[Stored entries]
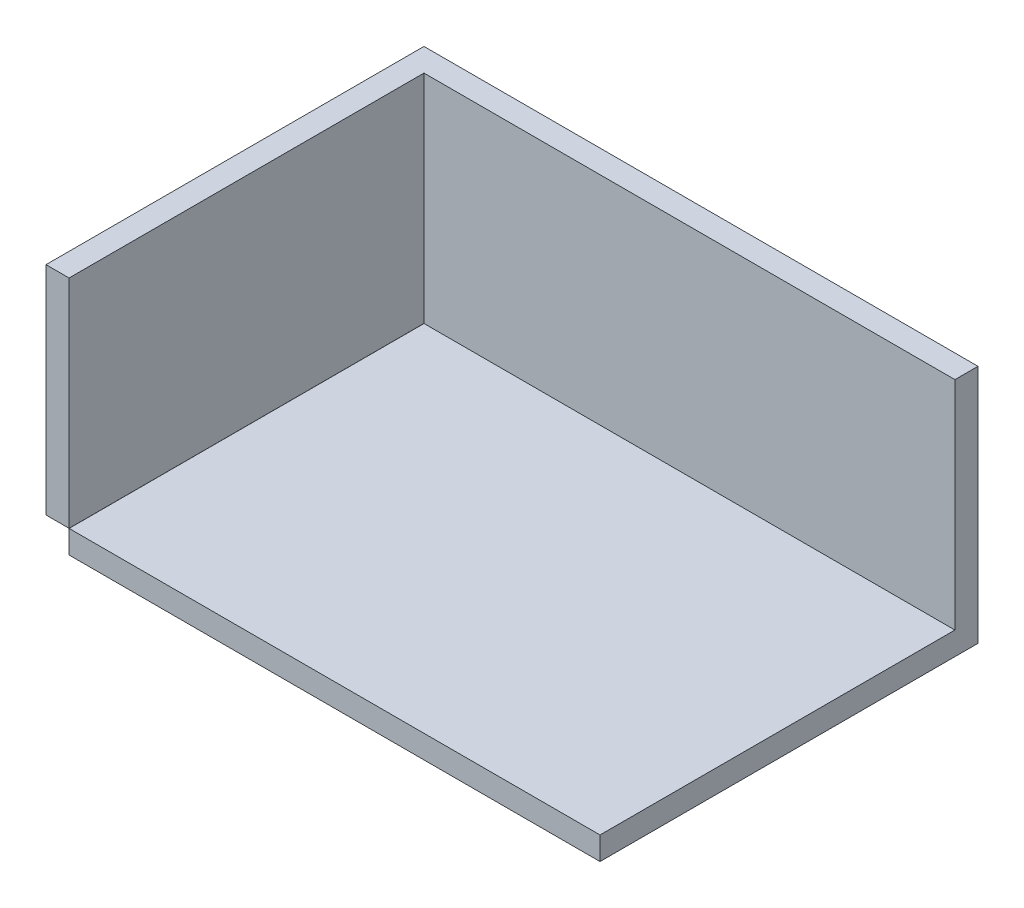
ISO-10303-21;
HEADER;
FILE_DESCRIPTION(('STEP AP214'),'2;1');
FILE_NAME('part.step','',(''),(''),'','','');
FILE_SCHEMA(('AUTOMOTIVE_DESIGN { 1 0 10303 214 1 1 1 1 }'));
ENDSEC;
DATA;
#1=APPLICATION_CONTEXT('core data for automotive mechanical design processes');
#2=APPLICATION_PROTOCOL_DEFINITION('international standard','automotive_design',2000,#1);
#3=PRODUCT_CONTEXT('',#1,'mechanical');
#4=PRODUCT('Part','Part','',(#3));
#5=PRODUCT_RELATED_PRODUCT_CATEGORY('part','',(#4));
#6=PRODUCT_DEFINITION_FORMATION('','',#4);
#7=PRODUCT_DEFINITION_CONTEXT('part definition',#1,'design');
#8=PRODUCT_DEFINITION('design','',#6,#7);
#9=PRODUCT_DEFINITION_SHAPE('','',#8);
#10=(LENGTH_UNIT() NAMED_UNIT(*) SI_UNIT(.MILLI.,.METRE.));
#11=(NAMED_UNIT(*) PLANE_ANGLE_UNIT() SI_UNIT($,.RADIAN.));
#12=(NAMED_UNIT(*) SI_UNIT($,.STERADIAN.) SOLID_ANGLE_UNIT());
#13=UNCERTAINTY_MEASURE_WITH_UNIT(LENGTH_MEASURE(1.E-05),#10,'distance_accuracy_value','');
#14=(GEOMETRIC_REPRESENTATION_CONTEXT(3) GLOBAL_UNCERTAINTY_ASSIGNED_CONTEXT((#13)) GLOBAL_UNIT_ASSIGNED_CONTEXT((#10,
#11,#12)) REPRESENTATION_CONTEXT('',''));
#15=CARTESIAN_POINT('',(0.,0.,0.));
#16=DIRECTION('',(0.,0.,1.));
#17=DIRECTION('',(1.,0.,0.));
#18=AXIS2_PLACEMENT_3D('',#15,#16,#17);
#19=CARTESIAN_POINT('',(-59.6576974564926,5.01,42.078313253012));
#20=DIRECTION('',(0.,-1.,0.));
#21=DIRECTION('',(0.,0.,-1.));
#22=AXIS2_PLACEMENT_3D('',#19,#20,#21);
#23=PLANE('',#22);
#24=DIRECTION('',(0.,0.,-1.));
#25=VECTOR('',#24,1.);
#26=CARTESIAN_POINT('',(-54.6476974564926,5.01,-34.8341365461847));
#27=LINE('',#26,#25);
#28=CARTESIAN_POINT('',(-54.6476974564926,5.01,-34.8341365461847));
#29=VERTEX_POINT('',#28);
#30=CARTESIAN_POINT('',(-54.6476974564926,5.01,-39.8341365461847));
#31=VERTEX_POINT('',#30);
#32=EDGE_CURVE('E11',#29,#31,#27,.T.);
#33=ORIENTED_EDGE('',*,*,#32,.F.);
#34=DIRECTION('',(1.,0.,0.));
#35=VECTOR('',#34,1.);
#36=CARTESIAN_POINT('',(-54.6576974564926,5.01,-34.8341365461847));
#37=LINE('',#36,#35);
#38=CARTESIAN_POINT('',(-54.6576974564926,5.01,-34.8341365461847));
#39=VERTEX_POINT('',#38);
#40=EDGE_CURVE('E153',#39,#29,#37,.T.);
#41=ORIENTED_EDGE('',*,*,#40,.F.);
#42=DIRECTION('',(0.,0.,1.));
#43=VECTOR('',#42,1.);
#44=CARTESIAN_POINT('',(-54.6576974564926,5.01,-34.8341365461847));
#45=LINE('',#44,#43);
#46=CARTESIAN_POINT('',(-54.6576974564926,5.01,42.078313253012));
#47=VERTEX_POINT('',#46);
#48=EDGE_CURVE('E147',#39,#47,#45,.T.);
#49=ORIENTED_EDGE('',*,*,#48,.T.);
#50=DIRECTION('',(-1.,0.,0.));
#51=VECTOR('',#50,1.);
#52=CARTESIAN_POINT('',(-54.6576974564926,5.01,42.078313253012));
#53=LINE('',#52,#51);
#54=CARTESIAN_POINT('',(-59.6576974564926,5.01,42.078313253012));
#55=VERTEX_POINT('',#54);
#56=EDGE_CURVE('E141',#47,#55,#53,.T.);
#57=ORIENTED_EDGE('',*,*,#56,.T.);
#58=DIRECTION('',(0.,0.,1.));
#59=VECTOR('',#58,1.);
#60=CARTESIAN_POINT('',(-59.6576974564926,5.01,-39.8341365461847));
#61=LINE('',#60,#59);
#62=CARTESIAN_POINT('',(-59.6576974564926,5.01,-39.8341365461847));
#63=VERTEX_POINT('',#62);
#64=EDGE_CURVE('E149',#63,#55,#61,.T.);
#65=ORIENTED_EDGE('',*,*,#64,.F.);
#66=DIRECTION('',(1.,0.,0.));
#67=VECTOR('',#66,1.);
#68=CARTESIAN_POINT('',(-59.6576974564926,5.01,-39.8341365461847));
#69=LINE('',#68,#67);
#70=EDGE_CURVE('E39',#63,#31,#69,.T.);
#71=ORIENTED_EDGE('',*,*,#70,.T.);
#72=EDGE_LOOP('',(#33,#41,#49,#57,#65,#71));
#73=FACE_BOUND('',#72,.T.);
#74=ADVANCED_FACE('F32',(#73),#23,.T.);
#75=CARTESIAN_POINT('',(-59.6576974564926,52.,-34.8341365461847));
#76=DIRECTION('',(0.,0.,1.));
#77=DIRECTION('',(1.,0.,0.));
#78=AXIS2_PLACEMENT_3D('',#75,#76,#77);
#79=PLANE('',#78);
#80=DIRECTION('',(0.,-1.,0.));
#81=VECTOR('',#80,1.);
#82=CARTESIAN_POINT('',(-54.6576974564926,52.,-34.8341365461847));
#83=LINE('',#82,#81);
#84=CARTESIAN_POINT('',(-54.6576974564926,52.,-34.8341365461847));
#85=VERTEX_POINT('',#84);
#86=EDGE_CURVE('E203',#85,#39,#83,.T.);
#87=ORIENTED_EDGE('',*,*,#86,.T.);
#88=ORIENTED_EDGE('',*,*,#40,.T.);
#89=DIRECTION('',(0.,1.,0.));
#90=VECTOR('',#89,1.);
#91=CARTESIAN_POINT('',(-54.6476974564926,5.,-34.8341365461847));
#92=LINE('',#91,#90);
#93=CARTESIAN_POINT('',(-54.6476974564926,5.,-34.8341365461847));
#94=VERTEX_POINT('',#93);
#95=EDGE_CURVE('E151',#94,#29,#92,.T.);
#96=ORIENTED_EDGE('',*,*,#95,.F.);
#97=DIRECTION('',(-1.,0.,0.));
#98=VECTOR('',#97,1.);
#99=CARTESIAN_POINT('',(-59.6576974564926,5.,-34.8341365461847));
#100=LINE('',#99,#98);
#101=CARTESIAN_POINT('',(60.4057563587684,5.,-34.8341365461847));
#102=VERTEX_POINT('',#101);
#103=EDGE_CURVE('E124',#102,#94,#100,.T.);
#104=ORIENTED_EDGE('',*,*,#103,.F.);
#105=DIRECTION('',(0.,-1.,0.));
#106=VECTOR('',#105,1.);
#107=CARTESIAN_POINT('',(60.4057563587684,52.,-34.8341365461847));
#108=LINE('',#107,#106);
#109=CARTESIAN_POINT('',(60.4057563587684,52.,-34.8341365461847));
#110=VERTEX_POINT('',#109);
#111=EDGE_CURVE('E123',#110,#102,#108,.T.);
#112=ORIENTED_EDGE('',*,*,#111,.F.);
#113=DIRECTION('',(-1.,0.,0.));
#114=VECTOR('',#113,1.);
#115=CARTESIAN_POINT('',(-59.6576974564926,52.,-34.8341365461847));
#116=LINE('',#115,#114);
#117=EDGE_CURVE('E199',#110,#85,#116,.T.);
#118=ORIENTED_EDGE('',*,*,#117,.T.);
#119=EDGE_LOOP('',(#87,#88,#96,#104,#112,#118));
#120=FACE_BOUND('',#119,.T.);
#121=ADVANCED_FACE('F207',(#120),#79,.T.);
#122=CARTESIAN_POINT('',(-59.6576974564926,52.,-39.8341365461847));
#123=DIRECTION('',(1.,0.,0.));
#124=DIRECTION('',(0.,0.,-1.));
#125=AXIS2_PLACEMENT_3D('',#122,#123,#124);
#126=PLANE('',#125);
#127=DIRECTION('',(0.,-1.,0.));
#128=VECTOR('',#127,1.);
#129=CARTESIAN_POINT('',(-59.6576974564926,52.,-39.8341365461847));
#130=LINE('',#129,#128);
#131=CARTESIAN_POINT('',(-59.6576974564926,52.,-39.8341365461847));
#132=VERTEX_POINT('',#131);
#133=EDGE_CURVE('E136',#132,#63,#130,.T.);
#134=ORIENTED_EDGE('',*,*,#133,.T.);
#135=ORIENTED_EDGE('',*,*,#64,.T.);
#136=DIRECTION('',(0.,-1.,0.));
#137=VECTOR('',#136,1.);
#138=CARTESIAN_POINT('',(-59.6576974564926,52.,42.078313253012));
#139=LINE('',#138,#137);
#140=CARTESIAN_POINT('',(-59.6576974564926,52.,42.078313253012));
#141=VERTEX_POINT('',#140);
#142=EDGE_CURVE('E129',#141,#55,#139,.T.);
#143=ORIENTED_EDGE('',*,*,#142,.F.);
#144=DIRECTION('',(0.,0.,1.));
#145=VECTOR('',#144,1.);
#146=CARTESIAN_POINT('',(-59.6576974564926,52.,-39.8341365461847));
#147=LINE('',#146,#145);
#148=EDGE_CURVE('E180',#132,#141,#147,.T.);
#149=ORIENTED_EDGE('',*,*,#148,.F.);
#150=EDGE_LOOP('',(#134,#135,#143,#149));
#151=FACE_BOUND('',#150,.T.);
#152=ADVANCED_FACE('F191',(#151),#126,.F.);
#153=CARTESIAN_POINT('',(-59.6576974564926,5.,42.078313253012));
#154=DIRECTION('',(0.,1.,0.));
#155=DIRECTION('',(0.,0.,1.));
#156=AXIS2_PLACEMENT_3D('',#153,#154,#155);
#157=PLANE('',#156);
#158=ORIENTED_EDGE('',*,*,#103,.T.);
#159=DIRECTION('',(0.,0.,1.));
#160=VECTOR('',#159,1.);
#161=CARTESIAN_POINT('',(-54.6476974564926,5.,-34.8341365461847));
#162=LINE('',#161,#160);
#163=CARTESIAN_POINT('',(-54.6476974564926,5.,42.078313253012));
#164=VERTEX_POINT('',#163);
#165=EDGE_CURVE('E110',#94,#164,#162,.T.);
#166=ORIENTED_EDGE('',*,*,#165,.T.);
#167=DIRECTION('',(1.,0.,0.));
#168=VECTOR('',#167,1.);
#169=CARTESIAN_POINT('',(-59.6576974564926,5.,42.078313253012));
#170=LINE('',#169,#168);
#171=CARTESIAN_POINT('',(60.4057563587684,5.,42.078313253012));
#172=VERTEX_POINT('',#171);
#173=EDGE_CURVE('E103',#164,#172,#170,.T.);
#174=ORIENTED_EDGE('',*,*,#173,.T.);
#175=DIRECTION('',(0.,0.,-1.));
#176=VECTOR('',#175,1.);
#177=CARTESIAN_POINT('',(60.4057563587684,5.,-39.8341365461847));
#178=LINE('',#177,#176);
#179=EDGE_CURVE('E107',#172,#102,#178,.T.);
#180=ORIENTED_EDGE('',*,*,#179,.T.);
#181=EDGE_LOOP('',(#158,#166,#174,#180));
#182=FACE_BOUND('',#181,.T.);
#183=ADVANCED_FACE('F106',(#182),#157,.T.);
#184=CARTESIAN_POINT('',(-54.6476974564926,5.,42.078313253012));
#185=DIRECTION('',(-1.,0.,0.));
#186=DIRECTION('',(0.,0.,1.));
#187=AXIS2_PLACEMENT_3D('',#184,#185,#186);
#188=PLANE('',#187);
#189=DIRECTION('',(0.,-1.,0.));
#190=VECTOR('',#189,1.);
#191=CARTESIAN_POINT('',(-54.6476974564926,5.,42.078313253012));
#192=LINE('',#191,#190);
#193=CARTESIAN_POINT('',(-54.6476974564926,0.,42.078313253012));
#194=VERTEX_POINT('',#193);
#195=EDGE_CURVE('E133',#164,#194,#192,.T.);
#196=ORIENTED_EDGE('',*,*,#195,.F.);
#197=ORIENTED_EDGE('',*,*,#165,.F.);
#198=ORIENTED_EDGE('',*,*,#95,.T.);
#199=ORIENTED_EDGE('',*,*,#32,.T.);
#200=DIRECTION('',(0.,1.,0.));
#201=VECTOR('',#200,1.);
#202=CARTESIAN_POINT('',(-54.6476974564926,0.,-39.8341365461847));
#203=LINE('',#202,#201);
#204=CARTESIAN_POINT('',(-54.6476974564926,0.,-39.8341365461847));
#205=VERTEX_POINT('',#204);
#206=EDGE_CURVE('E155',#205,#31,#203,.T.);
#207=ORIENTED_EDGE('',*,*,#206,.F.);
#208=DIRECTION('',(0.,0.,1.));
#209=VECTOR('',#208,1.);
#210=CARTESIAN_POINT('',(-54.6476974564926,0.,-39.8341365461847));
#211=LINE('',#210,#209);
#212=EDGE_CURVE('E145',#205,#194,#211,.T.);
#213=ORIENTED_EDGE('',*,*,#212,.T.);
#214=EDGE_LOOP('',(#196,#197,#198,#199,#207,#213));
#215=FACE_BOUND('',#214,.T.);
#216=ADVANCED_FACE('F166',(#215),#188,.T.);
#217=CARTESIAN_POINT('',(-59.6576974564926,52.,42.078313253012));
#218=DIRECTION('',(0.,0.,-1.));
#219=DIRECTION('',(-1.,0.,0.));
#220=AXIS2_PLACEMENT_3D('',#217,#218,#219);
#221=PLANE('',#220);
#222=ORIENTED_EDGE('',*,*,#173,.F.);
#223=ORIENTED_EDGE('',*,*,#195,.T.);
#224=DIRECTION('',(1.,0.,0.));
#225=VECTOR('',#224,1.);
#226=CARTESIAN_POINT('',(-59.6576974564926,0.,42.078313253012));
#227=LINE('',#226,#225);
#228=CARTESIAN_POINT('',(60.4057563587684,0.,42.078313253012));
#229=VERTEX_POINT('',#228);
#230=EDGE_CURVE('E128',#194,#229,#227,.T.);
#231=ORIENTED_EDGE('',*,*,#230,.T.);
#232=DIRECTION('',(0.,-1.,0.));
#233=VECTOR('',#232,1.);
#234=CARTESIAN_POINT('',(60.4057563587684,52.,42.078313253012));
#235=LINE('',#234,#233);
#236=EDGE_CURVE('E120',#172,#229,#235,.T.);
#237=ORIENTED_EDGE('',*,*,#236,.F.);
#238=EDGE_LOOP('',(#222,#223,#231,#237));
#239=FACE_BOUND('',#238,.T.);
#240=ADVANCED_FACE('F126',(#239),#221,.F.);
#241=ORIENTED_EDGE('',*,*,#56,.F.);
#242=DIRECTION('',(0.,-1.,0.));
#243=VECTOR('',#242,1.);
#244=CARTESIAN_POINT('',(-54.6576974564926,52.,42.078313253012));
#245=LINE('',#244,#243);
#246=CARTESIAN_POINT('',(-54.6576974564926,52.,42.078313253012));
#247=VERTEX_POINT('',#246);
#248=EDGE_CURVE('E170',#247,#47,#245,.T.);
#249=ORIENTED_EDGE('',*,*,#248,.F.);
#250=DIRECTION('',(1.,0.,0.));
#251=VECTOR('',#250,1.);
#252=CARTESIAN_POINT('',(-59.6576974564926,52.,42.078313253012));
#253=LINE('',#252,#251);
#254=EDGE_CURVE('E183',#141,#247,#253,.T.);
#255=ORIENTED_EDGE('',*,*,#254,.F.);
#256=ORIENTED_EDGE('',*,*,#142,.T.);
#257=EDGE_LOOP('',(#241,#249,#255,#256));
#258=FACE_BOUND('',#257,.T.);
#259=ADVANCED_FACE('F214',(#258),#221,.F.);
#260=CARTESIAN_POINT('',(60.4057563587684,52.,-39.8341365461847));
#261=DIRECTION('',(-1.,0.,0.));
#262=DIRECTION('',(0.,0.,1.));
#263=AXIS2_PLACEMENT_3D('',#260,#261,#262);
#264=PLANE('',#263);
#265=ORIENTED_EDGE('',*,*,#179,.F.);
#266=ORIENTED_EDGE('',*,*,#236,.T.);
#267=DIRECTION('',(0.,0.,-1.));
#268=VECTOR('',#267,1.);
#269=CARTESIAN_POINT('',(60.4057563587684,0.,-39.8341365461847));
#270=LINE('',#269,#268);
#271=CARTESIAN_POINT('',(60.4057563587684,0.,-39.8341365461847));
#272=VERTEX_POINT('',#271);
#273=EDGE_CURVE('E169',#229,#272,#270,.T.);
#274=ORIENTED_EDGE('',*,*,#273,.T.);
#275=DIRECTION('',(0.,-1.,0.));
#276=VECTOR('',#275,1.);
#277=CARTESIAN_POINT('',(60.4057563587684,52.,-39.8341365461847));
#278=LINE('',#277,#276);
#279=CARTESIAN_POINT('',(60.4057563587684,52.,-39.8341365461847));
#280=VERTEX_POINT('',#279);
#281=EDGE_CURVE('E130',#280,#272,#278,.T.);
#282=ORIENTED_EDGE('',*,*,#281,.F.);
#283=DIRECTION('',(0.,0.,-1.));
#284=VECTOR('',#283,1.);
#285=CARTESIAN_POINT('',(60.4057563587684,52.,-39.8341365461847));
#286=LINE('',#285,#284);
#287=EDGE_CURVE('E186',#110,#280,#286,.T.);
#288=ORIENTED_EDGE('',*,*,#287,.F.);
#289=ORIENTED_EDGE('',*,*,#111,.T.);
#290=EDGE_LOOP('',(#265,#266,#274,#282,#288,#289));
#291=FACE_BOUND('',#290,.T.);
#292=ADVANCED_FACE('F119',(#291),#264,.F.);
#293=CARTESIAN_POINT('',(-59.6576974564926,52.,-39.8341365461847));
#294=DIRECTION('',(0.,0.,1.));
#295=DIRECTION('',(1.,0.,0.));
#296=AXIS2_PLACEMENT_3D('',#293,#294,#295);
#297=PLANE('',#296);
#298=ORIENTED_EDGE('',*,*,#70,.F.);
#299=ORIENTED_EDGE('',*,*,#133,.F.);
#300=DIRECTION('',(-1.,0.,0.));
#301=VECTOR('',#300,1.);
#302=CARTESIAN_POINT('',(-59.6576974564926,52.,-39.8341365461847));
#303=LINE('',#302,#301);
#304=EDGE_CURVE('E188',#280,#132,#303,.T.);
#305=ORIENTED_EDGE('',*,*,#304,.F.);
#306=ORIENTED_EDGE('',*,*,#281,.T.);
#307=DIRECTION('',(-1.,0.,0.));
#308=VECTOR('',#307,1.);
#309=CARTESIAN_POINT('',(-59.6576974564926,0.,-39.8341365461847));
#310=LINE('',#309,#308);
#311=EDGE_CURVE('E164',#272,#205,#310,.T.);
#312=ORIENTED_EDGE('',*,*,#311,.T.);
#313=ORIENTED_EDGE('',*,*,#206,.T.);
#314=EDGE_LOOP('',(#298,#299,#305,#306,#312,#313));
#315=FACE_BOUND('',#314,.T.);
#316=ADVANCED_FACE('F162',(#315),#297,.F.);
#317=CARTESIAN_POINT('',(-59.6576974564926,52.,42.078313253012));
#318=DIRECTION('',(0.,1.,0.));
#319=DIRECTION('',(0.,0.,1.));
#320=AXIS2_PLACEMENT_3D('',#317,#318,#319);
#321=PLANE('',#320);
#322=DIRECTION('',(0.,0.,1.));
#323=VECTOR('',#322,1.);
#324=CARTESIAN_POINT('',(-54.6576974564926,52.,-39.8341365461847));
#325=LINE('',#324,#323);
#326=EDGE_CURVE('E176',#85,#247,#325,.T.);
#327=ORIENTED_EDGE('',*,*,#326,.F.);
#328=ORIENTED_EDGE('',*,*,#117,.F.);
#329=ORIENTED_EDGE('',*,*,#287,.T.);
#330=ORIENTED_EDGE('',*,*,#304,.T.);
#331=ORIENTED_EDGE('',*,*,#148,.T.);
#332=ORIENTED_EDGE('',*,*,#254,.T.);
#333=EDGE_LOOP('',(#327,#328,#329,#330,#331,#332));
#334=FACE_BOUND('',#333,.T.);
#335=ADVANCED_FACE('F197',(#334),#321,.T.);
#336=CARTESIAN_POINT('',(-59.6576974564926,0.,42.078313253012));
#337=DIRECTION('',(0.,1.,0.));
#338=DIRECTION('',(0.,0.,1.));
#339=AXIS2_PLACEMENT_3D('',#336,#337,#338);
#340=PLANE('',#339);
#341=ORIENTED_EDGE('',*,*,#212,.F.);
#342=ORIENTED_EDGE('',*,*,#311,.F.);
#343=ORIENTED_EDGE('',*,*,#273,.F.);
#344=ORIENTED_EDGE('',*,*,#230,.F.);
#345=EDGE_LOOP('',(#341,#342,#343,#344));
#346=FACE_BOUND('',#345,.T.);
#347=ADVANCED_FACE('F168',(#346),#340,.F.);
#348=CARTESIAN_POINT('',(-54.6576974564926,52.,-39.8341365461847));
#349=DIRECTION('',(1.,0.,0.));
#350=DIRECTION('',(0.,0.,-1.));
#351=AXIS2_PLACEMENT_3D('',#348,#349,#350);
#352=PLANE('',#351);
#353=ORIENTED_EDGE('',*,*,#48,.F.);
#354=ORIENTED_EDGE('',*,*,#86,.F.);
#355=ORIENTED_EDGE('',*,*,#326,.T.);
#356=ORIENTED_EDGE('',*,*,#248,.T.);
#357=EDGE_LOOP('',(#353,#354,#355,#356));
#358=FACE_BOUND('',#357,.T.);
#359=ADVANCED_FACE('F211',(#358),#352,.T.);
#360=CLOSED_SHELL('',(#74,#121,#152,#183,#216,#240,#259,#292,#316,#335,#347,#359));
#361=MANIFOLD_SOLID_BREP('B2',#360);
#362=ADVANCED_BREP_SHAPE_REPRESENTATION('',(#18,#361),#14);
#363=SHAPE_DEFINITION_REPRESENTATION(#9,#362);
ENDSEC;
END-ISO-10303-21;

Task to carry out:
Beginning with the line that has "#298=ORIENTED_EDGE('',*,*,#70,.F.);" and ending with the line that has "#307=DIRECTION('',(-1.,0.,0.));", set down the lines above exactly and include no others.

Task output:
#298=ORIENTED_EDGE('',*,*,#70,.F.);
#299=ORIENTED_EDGE('',*,*,#133,.F.);
#300=DIRECTION('',(-1.,0.,0.));
#301=VECTOR('',#300,1.);
#302=CARTESIAN_POINT('',(-59.6576974564926,52.,-39.8341365461847));
#303=LINE('',#302,#301);
#304=EDGE_CURVE('E188',#280,#132,#303,.T.);
#305=ORIENTED_EDGE('',*,*,#304,.F.);
#306=ORIENTED_EDGE('',*,*,#281,.T.);
#307=DIRECTION('',(-1.,0.,0.));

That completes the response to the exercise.